··· Records for the task ···

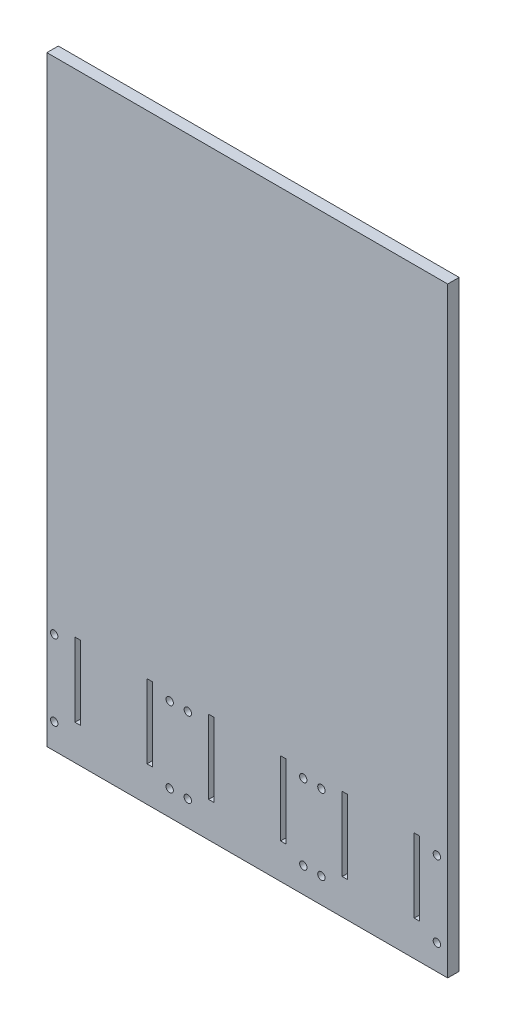
from build123d import *

# Parameters (mm, degrees)
SKETCH1_W           = 222.6
SKETCH1_H           = 333.796179707
SKETCH1_W_2         = 3
SKETCH1_H_2         = 41
BOSS_EXTRUDE1_DEPTH = 6.35
SKETCH2_R           = 2.05
CUT_EXTRUDE1_DEPTH  = 10


with BuildPart() as part:
    # Sketch1 → Boss-Extrude1 (new body)
    with BuildSketch(Plane.XY):
        with Locations((0, 55.357254345)):
            Rectangle(SKETCH1_W, SKETCH1_H)
        with Locations((-94.2, -71.540835509)):
            Rectangle(SKETCH1_W_2, SKETCH1_H_2, mode=Mode.SUBTRACT)
        with Locations((-54.2, -71.540835509)):
            Rectangle(SKETCH1_W_2, SKETCH1_H_2, mode=Mode.SUBTRACT)
        with Locations((20, -71.540835509)):
            Rectangle(SKETCH1_W_2, SKETCH1_H_2, mode=Mode.SUBTRACT)
        with Locations((-20, -71.540835509)):
            Rectangle(SKETCH1_W_2, SKETCH1_H_2, mode=Mode.SUBTRACT)
        with Locations((94.2, -71.540835509)):
            Rectangle(SKETCH1_W_2, SKETCH1_H_2, mode=Mode.SUBTRACT)
        with Locations((54.2, -71.540835509)):
            Rectangle(SKETCH1_W_2, SKETCH1_H_2, mode=Mode.SUBTRACT)
    extrude(amount=BOSS_EXTRUDE1_DEPTH)

    # Sketch2 → Cut-Extrude1 (cut)
    with BuildSketch(Plane(origin=(0, 0, 0), x_dir=(-1, 0, 0), z_dir=(0, 0, -1))):
        with Locations((-105.3, -97.540835509)):
            Circle(SKETCH2_R)
        with Locations((-105.3, -55.540835509)):
            Circle(SKETCH2_R)
        with Locations((-41.1662452, -97.540835509)):
            Circle(SKETCH2_R)
        with Locations((-41.1662452, -55.540835509)):
            Circle(SKETCH2_R)
        with Locations((-31.1, -97.540835509)):
            Circle(SKETCH2_R)
        with Locations((-31.1, -55.540835509)):
            Circle(SKETCH2_R)
        with Locations((33.0337548, -97.540835509)):
            Circle(SKETCH2_R)
        with Locations((33.0337548, -55.540835509)):
            Circle(SKETCH2_R)
        with Locations((43.1, -97.540835509)):
            Circle(SKETCH2_R)
        with Locations((43.1, -55.540835509)):
            Circle(SKETCH2_R)
        with Locations((107.2337548, -97.540835509)):
            Circle(SKETCH2_R)
        with Locations((107.2337548, -55.540835509)):
            Circle(SKETCH2_R)
    extrude(amount=-CUT_EXTRUDE1_DEPTH, mode=Mode.SUBTRACT)


solid = part.part

···

__What needs to be done__
Write out the listing again word for word, but without its pictures.

__Solution to this exercise__
from build123d import *

# Parameters (mm, degrees)
SKETCH1_W           = 222.6
SKETCH1_H           = 333.796179707
SKETCH1_W_2         = 3
SKETCH1_H_2         = 41
BOSS_EXTRUDE1_DEPTH = 6.35
SKETCH2_R           = 2.05
CUT_EXTRUDE1_DEPTH  = 10


with BuildPart() as part:
    # Sketch1 → Boss-Extrude1 (new body)
    with BuildSketch(Plane.XY):
        with Locations((0, 55.357254345)):
            Rectangle(SKETCH1_W, SKETCH1_H)
        with Locations((-94.2, -71.540835509)):
            Rectangle(SKETCH1_W_2, SKETCH1_H_2, mode=Mode.SUBTRACT)
        with Locations((-54.2, -71.540835509)):
            Rectangle(SKETCH1_W_2, SKETCH1_H_2, mode=Mode.SUBTRACT)
        with Locations((20, -71.540835509)):
            Rectangle(SKETCH1_W_2, SKETCH1_H_2, mode=Mode.SUBTRACT)
        with Locations((-20, -71.540835509)):
            Rectangle(SKETCH1_W_2, SKETCH1_H_2, mode=Mode.SUBTRACT)
        with Locations((94.2, -71.540835509)):
            Rectangle(SKETCH1_W_2, SKETCH1_H_2, mode=Mode.SUBTRACT)
        with Locations((54.2, -71.540835509)):
            Rectangle(SKETCH1_W_2, SKETCH1_H_2, mode=Mode.SUBTRACT)
    extrude(amount=BOSS_EXTRUDE1_DEPTH)

    # Sketch2 → Cut-Extrude1 (cut)
    with BuildSketch(Plane(origin=(0, 0, 0), x_dir=(-1, 0, 0), z_dir=(0, 0, -1))):
        with Locations((-105.3, -97.540835509)):
            Circle(SKETCH2_R)
        with Locations((-105.3, -55.540835509)):
            Circle(SKETCH2_R)
        with Locations((-41.1662452, -97.540835509)):
            Circle(SKETCH2_R)
        with Locations((-41.1662452, -55.540835509)):
            Circle(SKETCH2_R)
        with Locations((-31.1, -97.540835509)):
            Circle(SKETCH2_R)
        with Locations((-31.1, -55.540835509)):
            Circle(SKETCH2_R)
        with Locations((33.0337548, -97.540835509)):
            Circle(SKETCH2_R)
        with Locations((33.0337548, -55.540835509)):
            Circle(SKETCH2_R)
        with Locations((43.1, -97.540835509)):
            Circle(SKETCH2_R)
        with Locations((43.1, -55.540835509)):
            Circle(SKETCH2_R)
        with Locations((107.2337548, -97.540835509)):
            Circle(SKETCH2_R)
        with Locations((107.2337548, -55.540835509)):
            Circle(SKETCH2_R)
    extrude(amount=-CUT_EXTRUDE1_DEPTH, mode=Mode.SUBTRACT)


solid = part.part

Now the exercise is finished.